→ What to work on
Check each line of the material for the string "mechanical", then give only how many lines have it.

→ Available data
■ ■ ■ ■ ■ ■ ■
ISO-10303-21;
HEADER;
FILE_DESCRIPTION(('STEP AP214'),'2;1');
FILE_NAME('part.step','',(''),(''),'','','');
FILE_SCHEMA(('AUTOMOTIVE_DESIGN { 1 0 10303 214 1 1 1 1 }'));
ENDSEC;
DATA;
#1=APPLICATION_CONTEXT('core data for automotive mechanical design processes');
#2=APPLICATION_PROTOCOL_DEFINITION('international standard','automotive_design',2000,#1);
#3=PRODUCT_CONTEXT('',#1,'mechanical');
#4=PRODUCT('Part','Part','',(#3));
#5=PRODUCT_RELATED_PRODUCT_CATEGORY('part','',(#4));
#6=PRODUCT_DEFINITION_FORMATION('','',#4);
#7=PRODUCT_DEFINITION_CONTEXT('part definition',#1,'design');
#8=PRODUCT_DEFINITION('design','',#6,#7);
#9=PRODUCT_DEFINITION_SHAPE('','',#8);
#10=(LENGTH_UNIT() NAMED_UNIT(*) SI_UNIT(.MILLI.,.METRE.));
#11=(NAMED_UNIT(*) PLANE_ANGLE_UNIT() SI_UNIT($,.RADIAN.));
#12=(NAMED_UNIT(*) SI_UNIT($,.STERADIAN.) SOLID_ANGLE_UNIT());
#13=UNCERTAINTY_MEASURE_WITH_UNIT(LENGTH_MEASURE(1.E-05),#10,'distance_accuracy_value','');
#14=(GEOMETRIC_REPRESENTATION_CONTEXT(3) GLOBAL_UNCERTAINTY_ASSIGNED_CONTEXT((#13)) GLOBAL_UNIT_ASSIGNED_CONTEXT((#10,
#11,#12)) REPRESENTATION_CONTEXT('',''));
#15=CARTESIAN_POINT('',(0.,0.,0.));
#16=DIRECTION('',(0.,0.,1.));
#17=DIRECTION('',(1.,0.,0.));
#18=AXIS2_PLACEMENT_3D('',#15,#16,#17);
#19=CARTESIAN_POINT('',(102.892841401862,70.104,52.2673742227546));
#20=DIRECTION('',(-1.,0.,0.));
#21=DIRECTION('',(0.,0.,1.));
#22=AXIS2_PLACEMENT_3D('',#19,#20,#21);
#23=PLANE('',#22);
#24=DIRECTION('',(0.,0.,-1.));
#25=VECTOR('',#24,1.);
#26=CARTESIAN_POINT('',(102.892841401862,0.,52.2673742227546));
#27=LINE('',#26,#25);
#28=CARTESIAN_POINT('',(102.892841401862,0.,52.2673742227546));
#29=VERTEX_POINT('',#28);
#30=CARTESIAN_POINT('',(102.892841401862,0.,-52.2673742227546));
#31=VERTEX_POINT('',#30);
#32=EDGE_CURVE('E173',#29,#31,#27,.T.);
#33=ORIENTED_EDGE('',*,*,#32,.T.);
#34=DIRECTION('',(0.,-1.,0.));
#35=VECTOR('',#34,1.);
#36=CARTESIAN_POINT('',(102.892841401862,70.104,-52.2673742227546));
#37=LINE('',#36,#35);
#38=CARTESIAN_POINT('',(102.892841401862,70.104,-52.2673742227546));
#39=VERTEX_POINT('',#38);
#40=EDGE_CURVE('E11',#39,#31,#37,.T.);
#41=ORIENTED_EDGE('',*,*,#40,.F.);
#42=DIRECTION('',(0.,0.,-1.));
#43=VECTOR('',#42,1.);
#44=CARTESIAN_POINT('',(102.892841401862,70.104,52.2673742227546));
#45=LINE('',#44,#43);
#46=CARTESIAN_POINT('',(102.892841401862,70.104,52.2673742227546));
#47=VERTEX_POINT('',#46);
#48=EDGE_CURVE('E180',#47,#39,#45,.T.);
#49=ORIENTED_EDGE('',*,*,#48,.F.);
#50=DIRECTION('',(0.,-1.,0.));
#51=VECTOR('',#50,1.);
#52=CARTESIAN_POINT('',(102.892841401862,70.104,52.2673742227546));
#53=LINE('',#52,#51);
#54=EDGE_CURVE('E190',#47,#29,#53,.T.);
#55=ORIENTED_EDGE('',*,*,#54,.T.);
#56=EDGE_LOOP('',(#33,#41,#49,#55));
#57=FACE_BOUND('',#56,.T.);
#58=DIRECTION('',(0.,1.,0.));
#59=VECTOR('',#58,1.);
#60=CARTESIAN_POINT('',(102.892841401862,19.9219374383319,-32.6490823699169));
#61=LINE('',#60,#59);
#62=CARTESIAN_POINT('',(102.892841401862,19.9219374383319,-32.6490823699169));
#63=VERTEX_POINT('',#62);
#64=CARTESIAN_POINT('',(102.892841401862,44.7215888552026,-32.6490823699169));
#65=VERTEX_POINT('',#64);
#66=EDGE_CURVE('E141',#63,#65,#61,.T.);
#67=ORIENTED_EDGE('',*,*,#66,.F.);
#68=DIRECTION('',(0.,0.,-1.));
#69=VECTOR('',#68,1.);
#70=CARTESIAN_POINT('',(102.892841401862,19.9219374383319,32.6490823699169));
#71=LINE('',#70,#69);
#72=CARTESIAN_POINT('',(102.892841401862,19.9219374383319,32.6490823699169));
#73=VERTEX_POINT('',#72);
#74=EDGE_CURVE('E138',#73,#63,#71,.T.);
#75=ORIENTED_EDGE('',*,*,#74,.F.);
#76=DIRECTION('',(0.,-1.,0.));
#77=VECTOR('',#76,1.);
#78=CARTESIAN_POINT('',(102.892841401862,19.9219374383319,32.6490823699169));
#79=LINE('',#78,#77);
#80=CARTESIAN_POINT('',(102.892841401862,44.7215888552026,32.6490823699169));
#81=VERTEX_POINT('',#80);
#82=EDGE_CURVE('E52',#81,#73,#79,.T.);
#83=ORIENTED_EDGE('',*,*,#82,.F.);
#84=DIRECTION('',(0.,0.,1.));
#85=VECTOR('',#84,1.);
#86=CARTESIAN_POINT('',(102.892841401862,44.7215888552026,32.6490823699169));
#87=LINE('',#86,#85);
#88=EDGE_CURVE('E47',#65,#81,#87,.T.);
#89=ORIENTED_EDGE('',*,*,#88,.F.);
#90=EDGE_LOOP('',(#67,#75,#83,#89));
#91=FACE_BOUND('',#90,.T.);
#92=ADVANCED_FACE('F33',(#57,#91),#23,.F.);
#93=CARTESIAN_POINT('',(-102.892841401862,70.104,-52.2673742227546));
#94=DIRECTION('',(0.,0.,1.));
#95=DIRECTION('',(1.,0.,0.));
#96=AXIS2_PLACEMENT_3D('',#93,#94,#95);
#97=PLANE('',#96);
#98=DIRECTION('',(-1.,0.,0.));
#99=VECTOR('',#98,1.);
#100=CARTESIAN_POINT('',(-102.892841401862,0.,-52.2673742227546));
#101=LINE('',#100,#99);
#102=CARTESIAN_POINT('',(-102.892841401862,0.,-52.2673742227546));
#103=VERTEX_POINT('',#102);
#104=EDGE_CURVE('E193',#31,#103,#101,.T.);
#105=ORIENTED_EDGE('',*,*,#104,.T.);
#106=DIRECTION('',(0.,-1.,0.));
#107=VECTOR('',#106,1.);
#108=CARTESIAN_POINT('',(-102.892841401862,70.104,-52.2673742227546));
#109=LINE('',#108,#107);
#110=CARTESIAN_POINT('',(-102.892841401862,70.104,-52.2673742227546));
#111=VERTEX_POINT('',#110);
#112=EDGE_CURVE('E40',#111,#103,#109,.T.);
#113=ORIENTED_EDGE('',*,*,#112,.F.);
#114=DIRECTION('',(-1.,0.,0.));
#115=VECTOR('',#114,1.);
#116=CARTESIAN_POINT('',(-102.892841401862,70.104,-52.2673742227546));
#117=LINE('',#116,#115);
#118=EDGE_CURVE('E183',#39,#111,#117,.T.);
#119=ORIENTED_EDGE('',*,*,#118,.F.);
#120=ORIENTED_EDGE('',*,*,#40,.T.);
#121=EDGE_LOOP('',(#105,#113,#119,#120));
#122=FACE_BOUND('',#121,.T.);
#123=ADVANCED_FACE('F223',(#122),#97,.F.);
■ ■ ■ ■ ■ ■ ■
→ Answer space
2